Kino

Big Data

Filmreihe im Zürcher Kino Xenix im Mai

"Democracy: Im Rausch der Daten" (2015) Ein brandaktueller Doku-Krimi aus Brüssel: Bei der Erarbeitung des neuen EU-Datenschutzgesetzes prallen Wirtschaftsinteressen und Bürgerrechte aufeinander.
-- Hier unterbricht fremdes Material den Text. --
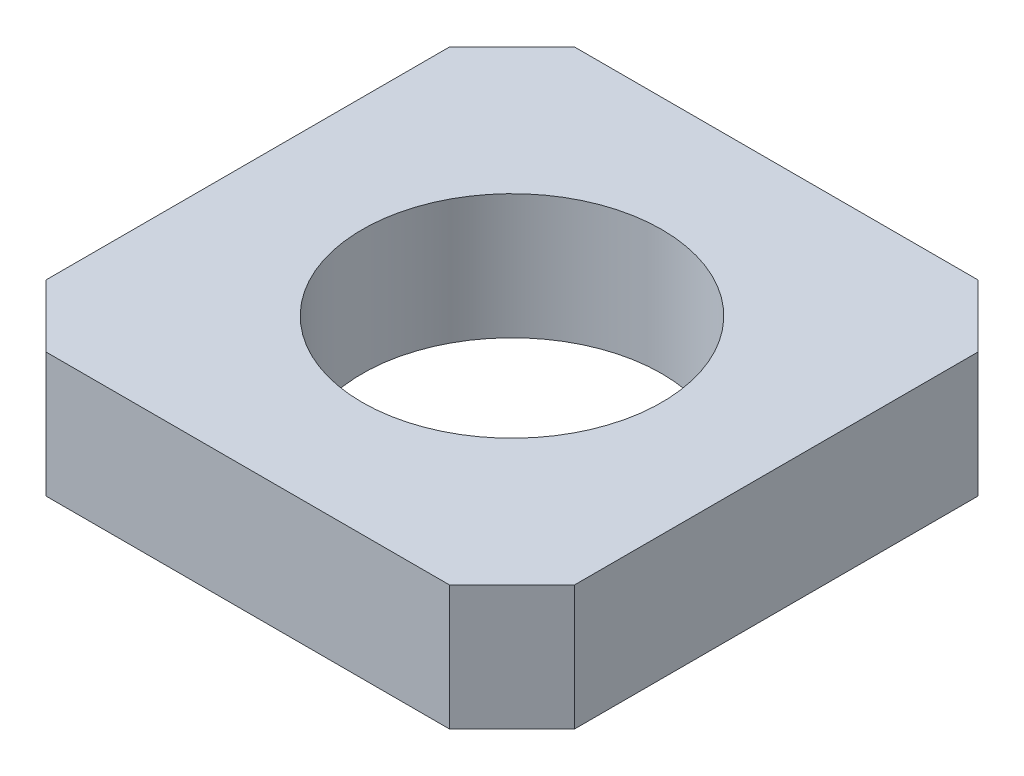
ISO-10303-21;
HEADER;
FILE_DESCRIPTION(('STEP AP214'),'2;1');
FILE_NAME('part.step','',(''),(''),'','','');
FILE_SCHEMA(('AUTOMOTIVE_DESIGN { 1 0 10303 214 1 1 1 1 }'));
ENDSEC;
DATA;
#1=APPLICATION_CONTEXT('core data for automotive mechanical design processes');
#2=APPLICATION_PROTOCOL_DEFINITION('international standard','automotive_design',2000,#1);
#3=PRODUCT_CONTEXT('',#1,'mechanical');
#4=PRODUCT('Part','Part','',(#3));
#5=PRODUCT_RELATED_PRODUCT_CATEGORY('part','',(#4));
#6=PRODUCT_DEFINITION_FORMATION('','',#4);
#7=PRODUCT_DEFINITION_CONTEXT('part definition',#1,'design');
#8=PRODUCT_DEFINITION('design','',#6,#7);
#9=PRODUCT_DEFINITION_SHAPE('','',#8);
#10=(LENGTH_UNIT() NAMED_UNIT(*) SI_UNIT(.MILLI.,.METRE.));
#11=(NAMED_UNIT(*) PLANE_ANGLE_UNIT() SI_UNIT($,.RADIAN.));
#12=(NAMED_UNIT(*) SI_UNIT($,.STERADIAN.) SOLID_ANGLE_UNIT());
#13=UNCERTAINTY_MEASURE_WITH_UNIT(LENGTH_MEASURE(1.E-05),#10,'distance_accuracy_value','');
#14=(GEOMETRIC_REPRESENTATION_CONTEXT(3) GLOBAL_UNCERTAINTY_ASSIGNED_CONTEXT((#13)) GLOBAL_UNIT_ASSIGNED_CONTEXT((#10,
#11,#12)) REPRESENTATION_CONTEXT('',''));
#15=CARTESIAN_POINT('',(0.,0.,0.));
#16=DIRECTION('',(0.,0.,1.));
#17=DIRECTION('',(1.,0.,0.));
#18=AXIS2_PLACEMENT_3D('',#15,#16,#17);
#19=CARTESIAN_POINT('',(0.,10.,0.));
#20=DIRECTION('',(0.,1.,0.));
#21=DIRECTION('',(0.,0.,1.));
#22=AXIS2_PLACEMENT_3D('',#19,#20,#21);
#23=PLANE('',#22);
#24=CARTESIAN_POINT('',(0.,10.,0.));
#25=DIRECTION('',(0.,1.,0.));
#26=DIRECTION('',(0.,0.,1.));
#27=AXIS2_PLACEMENT_3D('',#24,#25,#26);
#28=CIRCLE('',#27,12.);
#29=CARTESIAN_POINT('',(0.,10.,12.));
#30=VERTEX_POINT('',#29);
#31=EDGE_CURVE('E11',#30,#30,#28,.T.);
#32=ORIENTED_EDGE('',*,*,#31,.F.);
#33=EDGE_LOOP('',(#32));
#34=FACE_BOUND('',#33,.T.);
#35=DIRECTION('',(-0.707106781186548,0.,-0.707106781186548));
#36=VECTOR('',#35,1.);
#37=CARTESIAN_POINT('',(-21.169262219769,10.,16.169262219769));
#38=LINE('',#37,#36);
#39=CARTESIAN_POINT('',(-16.169262219769,10.,21.169262219769));
#40=VERTEX_POINT('',#39);
#41=CARTESIAN_POINT('',(-21.1692622197689,10.,16.169262219769));
#42=VERTEX_POINT('',#41);
#43=EDGE_CURVE('E113',#40,#42,#38,.T.);
#44=ORIENTED_EDGE('',*,*,#43,.F.);
#45=DIRECTION('',(-1.,0.,0.));
#46=VECTOR('',#45,1.);
#47=CARTESIAN_POINT('',(-16.169262219769,10.,21.169262219769));
#48=LINE('',#47,#46);
#49=CARTESIAN_POINT('',(16.169262219769,10.,21.169262219769));
#50=VERTEX_POINT('',#49);
#51=EDGE_CURVE('E46',#50,#40,#48,.T.);
#52=ORIENTED_EDGE('',*,*,#51,.F.);
#53=DIRECTION('',(-0.707106781186548,0.,0.707106781186548));
#54=VECTOR('',#53,1.);
#55=CARTESIAN_POINT('',(16.169262219769,10.,21.169262219769));
#56=LINE('',#55,#54);
#57=CARTESIAN_POINT('',(21.169262219769,10.,16.169262219769));
#58=VERTEX_POINT('',#57);
#59=EDGE_CURVE('E128',#58,#50,#56,.T.);
#60=ORIENTED_EDGE('',*,*,#59,.F.);
#61=DIRECTION('',(0.,0.,1.));
#62=VECTOR('',#61,1.);
#63=CARTESIAN_POINT('',(21.169262219769,10.,-16.169262219769));
#64=LINE('',#63,#62);
#65=CARTESIAN_POINT('',(21.169262219769,10.,-16.169262219769));
#66=VERTEX_POINT('',#65);
#67=EDGE_CURVE('E125',#66,#58,#64,.T.);
#68=ORIENTED_EDGE('',*,*,#67,.F.);
#69=DIRECTION('',(0.707106781186548,0.,0.707106781186548));
#70=VECTOR('',#69,1.);
#71=CARTESIAN_POINT('',(16.169262219769,10.,-21.169262219769));
#72=LINE('',#71,#70);
#73=CARTESIAN_POINT('',(16.169262219769,10.,-21.169262219769));
#74=VERTEX_POINT('',#73);
#75=EDGE_CURVE('E119',#74,#66,#72,.T.);
#76=ORIENTED_EDGE('',*,*,#75,.F.);
#77=DIRECTION('',(1.,0.,0.));
#78=VECTOR('',#77,1.);
#79=CARTESIAN_POINT('',(-16.169262219769,10.,-21.169262219769));
#80=LINE('',#79,#78);
#81=CARTESIAN_POINT('',(-16.169262219769,10.,-21.169262219769));
#82=VERTEX_POINT('',#81);
#83=EDGE_CURVE('E117',#82,#74,#80,.T.);
#84=ORIENTED_EDGE('',*,*,#83,.F.);
#85=DIRECTION('',(0.707106781186548,0.,-0.707106781186548));
#86=VECTOR('',#85,1.);
#87=CARTESIAN_POINT('',(-16.169262219769,10.,-21.169262219769));
#88=LINE('',#87,#86);
#89=CARTESIAN_POINT('',(-21.169262219769,10.,-16.169262219769));
#90=VERTEX_POINT('',#89);
#91=EDGE_CURVE('E100',#90,#82,#88,.T.);
#92=ORIENTED_EDGE('',*,*,#91,.F.);
#93=DIRECTION('',(0.,0.,-1.));
#94=VECTOR('',#93,1.);
#95=CARTESIAN_POINT('',(-21.169262219769,10.,-16.169262219769));
#96=LINE('',#95,#94);
#97=EDGE_CURVE('E108',#42,#90,#96,.T.);
#98=ORIENTED_EDGE('',*,*,#97,.F.);
#99=EDGE_LOOP('',(#44,#52,#60,#68,#76,#84,#92,#98));
#100=FACE_BOUND('',#99,.T.);
#101=ADVANCED_FACE('F31',(#34,#100),#23,.T.);
#102=CARTESIAN_POINT('',(0.,0.,0.));
#103=DIRECTION('',(0.,1.,0.));
#104=DIRECTION('',(0.,0.,1.));
#105=AXIS2_PLACEMENT_3D('',#102,#103,#104);
#106=PLANE('',#105);
#107=CARTESIAN_POINT('',(0.,0.,0.));
#108=DIRECTION('',(0.,1.,0.));
#109=DIRECTION('',(0.,0.,1.));
#110=AXIS2_PLACEMENT_3D('',#107,#108,#109);
#111=CIRCLE('',#110,12.);
#112=CARTESIAN_POINT('',(0.,0.,12.));
#113=VERTEX_POINT('',#112);
#114=EDGE_CURVE('E35',#113,#113,#111,.T.);
#115=ORIENTED_EDGE('',*,*,#114,.T.);
#116=EDGE_LOOP('',(#115));
#117=FACE_BOUND('',#116,.T.);
#118=DIRECTION('',(-1.,0.,0.));
#119=VECTOR('',#118,1.);
#120=CARTESIAN_POINT('',(-16.169262219769,0.,21.169262219769));
#121=LINE('',#120,#119);
#122=CARTESIAN_POINT('',(16.169262219769,0.,21.169262219769));
#123=VERTEX_POINT('',#122);
#124=CARTESIAN_POINT('',(-16.169262219769,0.,21.1692622197689));
#125=VERTEX_POINT('',#124);
#126=EDGE_CURVE('E132',#123,#125,#121,.T.);
#127=ORIENTED_EDGE('',*,*,#126,.T.);
#128=DIRECTION('',(-0.707106781186548,0.,-0.707106781186548));
#129=VECTOR('',#128,1.);
#130=CARTESIAN_POINT('',(-21.169262219769,0.,16.169262219769));
#131=LINE('',#130,#129);
#132=CARTESIAN_POINT('',(-21.169262219769,0.,16.169262219769));
#133=VERTEX_POINT('',#132);
#134=EDGE_CURVE('E135',#125,#133,#131,.T.);
#135=ORIENTED_EDGE('',*,*,#134,.T.);
#136=DIRECTION('',(0.,0.,-1.));
#137=VECTOR('',#136,1.);
#138=CARTESIAN_POINT('',(-21.169262219769,0.,-16.169262219769));
#139=LINE('',#138,#137);
#140=CARTESIAN_POINT('',(-21.169262219769,0.,-16.169262219769));
#141=VERTEX_POINT('',#140);
#142=EDGE_CURVE('E54',#133,#141,#139,.T.);
#143=ORIENTED_EDGE('',*,*,#142,.T.);
#144=DIRECTION('',(0.707106781186548,0.,-0.707106781186548));
#145=VECTOR('',#144,1.);
#146=CARTESIAN_POINT('',(-16.169262219769,0.,-21.169262219769));
#147=LINE('',#146,#145);
#148=CARTESIAN_POINT('',(-16.169262219769,0.,-21.169262219769));
#149=VERTEX_POINT('',#148);
#150=EDGE_CURVE('E103',#141,#149,#147,.T.);
#151=ORIENTED_EDGE('',*,*,#150,.T.);
#152=DIRECTION('',(1.,0.,0.));
#153=VECTOR('',#152,1.);
#154=CARTESIAN_POINT('',(-16.169262219769,0.,-21.169262219769));
#155=LINE('',#154,#153);
#156=CARTESIAN_POINT('',(16.169262219769,0.,-21.169262219769));
#157=VERTEX_POINT('',#156);
#158=EDGE_CURVE('E140',#149,#157,#155,.T.);
#159=ORIENTED_EDGE('',*,*,#158,.T.);
#160=DIRECTION('',(0.707106781186548,0.,0.707106781186548));
#161=VECTOR('',#160,1.);
#162=CARTESIAN_POINT('',(16.169262219769,0.,-21.169262219769));
#163=LINE('',#162,#161);
#164=CARTESIAN_POINT('',(21.169262219769,0.,-16.169262219769));
#165=VERTEX_POINT('',#164);
#166=EDGE_CURVE('E143',#157,#165,#163,.T.);
#167=ORIENTED_EDGE('',*,*,#166,.T.);
#168=DIRECTION('',(0.,0.,1.));
#169=VECTOR('',#168,1.);
#170=CARTESIAN_POINT('',(21.169262219769,0.,-16.169262219769));
#171=LINE('',#170,#169);
#172=CARTESIAN_POINT('',(21.169262219769,0.,16.169262219769));
#173=VERTEX_POINT('',#172);
#174=EDGE_CURVE('E146',#165,#173,#171,.T.);
#175=ORIENTED_EDGE('',*,*,#174,.T.);
#176=DIRECTION('',(-0.707106781186548,0.,0.707106781186548));
#177=VECTOR('',#176,1.);
#178=CARTESIAN_POINT('',(16.169262219769,0.,21.169262219769));
#179=LINE('',#178,#177);
#180=EDGE_CURVE('E149',#173,#123,#179,.T.);
#181=ORIENTED_EDGE('',*,*,#180,.T.);
#182=EDGE_LOOP('',(#127,#135,#143,#151,#159,#167,#175,#181));
#183=FACE_BOUND('',#182,.T.);
#184=ADVANCED_FACE('F33',(#117,#183),#106,.F.);
#185=CARTESIAN_POINT('',(0.,10.,0.));
#186=DIRECTION('',(0.,-1.,0.));
#187=DIRECTION('',(0.,0.,-1.));
#188=AXIS2_PLACEMENT_3D('',#185,#186,#187);
#189=CYLINDRICAL_SURFACE('',#188,12.);
#190=ORIENTED_EDGE('',*,*,#31,.T.);
#191=EDGE_LOOP('',(#190));
#192=FACE_BOUND('',#191,.T.);
#193=ORIENTED_EDGE('',*,*,#114,.F.);
#194=EDGE_LOOP('',(#193));
#195=FACE_BOUND('',#194,.T.);
#196=ADVANCED_FACE('F196',(#192,#195),#189,.F.);
#197=CARTESIAN_POINT('',(-16.169262219769,10.,21.169262219769));
#198=DIRECTION('',(0.,0.,1.));
#199=DIRECTION('',(1.,0.,0.));
#200=AXIS2_PLACEMENT_3D('',#197,#198,#199);
#201=PLANE('',#200);
#202=ORIENTED_EDGE('',*,*,#126,.F.);
#203=DIRECTION('',(0.,-1.,0.));
#204=VECTOR('',#203,1.);
#205=CARTESIAN_POINT('',(16.169262219769,10.,21.169262219769));
#206=LINE('',#205,#204);
#207=EDGE_CURVE('E152',#50,#123,#206,.T.);
#208=ORIENTED_EDGE('',*,*,#207,.F.);
#209=ORIENTED_EDGE('',*,*,#51,.T.);
#210=DIRECTION('',(0.,-1.,0.));
#211=VECTOR('',#210,1.);
#212=CARTESIAN_POINT('',(-16.169262219769,10.,21.169262219769));
#213=LINE('',#212,#211);
#214=EDGE_CURVE('E131',#40,#125,#213,.T.);
#215=ORIENTED_EDGE('',*,*,#214,.T.);
#216=EDGE_LOOP('',(#202,#208,#209,#215));
#217=FACE_BOUND('',#216,.T.);
#218=ADVANCED_FACE('F164',(#217),#201,.T.);
#219=CARTESIAN_POINT('',(16.169262219769,10.,21.169262219769));
#220=DIRECTION('',(0.707106781186548,0.,0.707106781186548));
#221=DIRECTION('',(0.707106781186548,0.,-0.707106781186548));
#222=AXIS2_PLACEMENT_3D('',#219,#220,#221);
#223=PLANE('',#222);
#224=ORIENTED_EDGE('',*,*,#180,.F.);
#225=DIRECTION('',(0.,-1.,0.));
#226=VECTOR('',#225,1.);
#227=CARTESIAN_POINT('',(21.169262219769,10.,16.169262219769));
#228=LINE('',#227,#226);
#229=EDGE_CURVE('E154',#58,#173,#228,.T.);
#230=ORIENTED_EDGE('',*,*,#229,.F.);
#231=ORIENTED_EDGE('',*,*,#59,.T.);
#232=ORIENTED_EDGE('',*,*,#207,.T.);
#233=EDGE_LOOP('',(#224,#230,#231,#232));
#234=FACE_BOUND('',#233,.T.);
#235=ADVANCED_FACE('F171',(#234),#223,.T.);
#236=CARTESIAN_POINT('',(21.169262219769,10.,-16.169262219769));
#237=DIRECTION('',(1.,0.,0.));
#238=DIRECTION('',(0.,0.,-1.));
#239=AXIS2_PLACEMENT_3D('',#236,#237,#238);
#240=PLANE('',#239);
#241=ORIENTED_EDGE('',*,*,#174,.F.);
#242=DIRECTION('',(0.,-1.,0.));
#243=VECTOR('',#242,1.);
#244=CARTESIAN_POINT('',(21.169262219769,10.,-16.169262219769));
#245=LINE('',#244,#243);
#246=EDGE_CURVE('E156',#66,#165,#245,.T.);
#247=ORIENTED_EDGE('',*,*,#246,.F.);
#248=ORIENTED_EDGE('',*,*,#67,.T.);
#249=ORIENTED_EDGE('',*,*,#229,.T.);
#250=EDGE_LOOP('',(#241,#247,#248,#249));
#251=FACE_BOUND('',#250,.T.);
#252=ADVANCED_FACE('F176',(#251),#240,.T.);
#253=CARTESIAN_POINT('',(16.169262219769,10.,-21.169262219769));
#254=DIRECTION('',(0.707106781186548,0.,-0.707106781186548));
#255=DIRECTION('',(-0.707106781186548,0.,-0.707106781186548));
#256=AXIS2_PLACEMENT_3D('',#253,#254,#255);
#257=PLANE('',#256);
#258=ORIENTED_EDGE('',*,*,#166,.F.);
#259=DIRECTION('',(0.,-1.,0.));
#260=VECTOR('',#259,1.);
#261=CARTESIAN_POINT('',(16.169262219769,10.,-21.169262219769));
#262=LINE('',#261,#260);
#263=EDGE_CURVE('E158',#74,#157,#262,.T.);
#264=ORIENTED_EDGE('',*,*,#263,.F.);
#265=ORIENTED_EDGE('',*,*,#75,.T.);
#266=ORIENTED_EDGE('',*,*,#246,.T.);
#267=EDGE_LOOP('',(#258,#264,#265,#266));
#268=FACE_BOUND('',#267,.T.);
#269=ADVANCED_FACE('F179',(#268),#257,.T.);
#270=CARTESIAN_POINT('',(-16.169262219769,10.,-21.169262219769));
#271=DIRECTION('',(0.,0.,-1.));
#272=DIRECTION('',(-1.,0.,0.));
#273=AXIS2_PLACEMENT_3D('',#270,#271,#272);
#274=PLANE('',#273);
#275=ORIENTED_EDGE('',*,*,#158,.F.);
#276=DIRECTION('',(0.,-1.,0.));
#277=VECTOR('',#276,1.);
#278=CARTESIAN_POINT('',(-16.169262219769,10.,-21.169262219769));
#279=LINE('',#278,#277);
#280=EDGE_CURVE('E104',#82,#149,#279,.T.);
#281=ORIENTED_EDGE('',*,*,#280,.F.);
#282=ORIENTED_EDGE('',*,*,#83,.T.);
#283=ORIENTED_EDGE('',*,*,#263,.T.);
#284=EDGE_LOOP('',(#275,#281,#282,#283));
#285=FACE_BOUND('',#284,.T.);
#286=ADVANCED_FACE('F182',(#285),#274,.T.);
#287=CARTESIAN_POINT('',(-16.169262219769,10.,-21.169262219769));
#288=DIRECTION('',(-0.707106781186548,0.,-0.707106781186548));
#289=DIRECTION('',(-0.707106781186548,0.,0.707106781186548));
#290=AXIS2_PLACEMENT_3D('',#287,#288,#289);
#291=PLANE('',#290);
#292=ORIENTED_EDGE('',*,*,#150,.F.);
#293=DIRECTION('',(0.,-1.,0.));
#294=VECTOR('',#293,1.);
#295=CARTESIAN_POINT('',(-21.169262219769,10.,-16.169262219769));
#296=LINE('',#295,#294);
#297=EDGE_CURVE('E96',#90,#141,#296,.T.);
#298=ORIENTED_EDGE('',*,*,#297,.F.);
#299=ORIENTED_EDGE('',*,*,#91,.T.);
#300=ORIENTED_EDGE('',*,*,#280,.T.);
#301=EDGE_LOOP('',(#292,#298,#299,#300));
#302=FACE_BOUND('',#301,.T.);
#303=ADVANCED_FACE('F98',(#302),#291,.T.);
#304=CARTESIAN_POINT('',(-21.169262219769,10.,-16.169262219769));
#305=DIRECTION('',(-1.,0.,0.));
#306=DIRECTION('',(0.,0.,1.));
#307=AXIS2_PLACEMENT_3D('',#304,#305,#306);
#308=PLANE('',#307);
#309=ORIENTED_EDGE('',*,*,#142,.F.);
#310=DIRECTION('',(0.,-1.,0.));
#311=VECTOR('',#310,1.);
#312=CARTESIAN_POINT('',(-21.169262219769,10.,16.169262219769));
#313=LINE('',#312,#311);
#314=EDGE_CURVE('E105',#42,#133,#313,.T.);
#315=ORIENTED_EDGE('',*,*,#314,.F.);
#316=ORIENTED_EDGE('',*,*,#97,.T.);
#317=ORIENTED_EDGE('',*,*,#297,.T.);
#318=EDGE_LOOP('',(#309,#315,#316,#317));
#319=FACE_BOUND('',#318,.T.);
#320=ADVANCED_FACE('F109',(#319),#308,.T.);
#321=CARTESIAN_POINT('',(-21.169262219769,10.,16.169262219769));
#322=DIRECTION('',(-0.707106781186548,0.,0.707106781186548));
#323=DIRECTION('',(0.707106781186548,0.,0.707106781186548));
#324=AXIS2_PLACEMENT_3D('',#321,#322,#323);
#325=PLANE('',#324);
#326=ORIENTED_EDGE('',*,*,#134,.F.);
#327=ORIENTED_EDGE('',*,*,#214,.F.);
#328=ORIENTED_EDGE('',*,*,#43,.T.);
#329=ORIENTED_EDGE('',*,*,#314,.T.);
#330=EDGE_LOOP('',(#326,#327,#328,#329));
#331=FACE_BOUND('',#330,.T.);
#332=ADVANCED_FACE('F166',(#331),#325,.T.);
#333=CLOSED_SHELL('',(#101,#184,#196,#218,#235,#252,#269,#286,#303,#320,#332));
#334=MANIFOLD_SOLID_BREP('B2',#333);
#335=ADVANCED_BREP_SHAPE_REPRESENTATION('',(#18,#334),#14);
#336=SHAPE_DEFINITION_REPRESENTATION(#9,#335);
ENDSEC;
END-ISO-10303-21;

«It’s not science fiction, this stuff is happening right now.»
Der Satz, den Edward Snowden in Laura Poitras klaustrophobischem Dokumentarfilm CITIZENFOUR äussert, taugt durchaus als Motto unseres Science-Fiction-Zyklus. Snowden, der noch immer in Russland festsitzt, erklärt im Film ausführlich, wie die US-Geheimdienste überall Daten absaugen, dass niemand sicher sei, dass selbst das Telefon im Hotelzimmer als Abhörgerät dienen könnte, und beschreibt damit Dinge, die viele von uns vor nicht allzu langer Zeit noch für finstere Zukunftsvisionen – für Science-Fiction – hielten; dabei sind sie längst bittere Wirklichkeit (gemäss den unlängst von Wikileaks veröffentlichten Geheimdiensttricks dienen mittlerweile selbst Smart-TVs als Abhörgeräte).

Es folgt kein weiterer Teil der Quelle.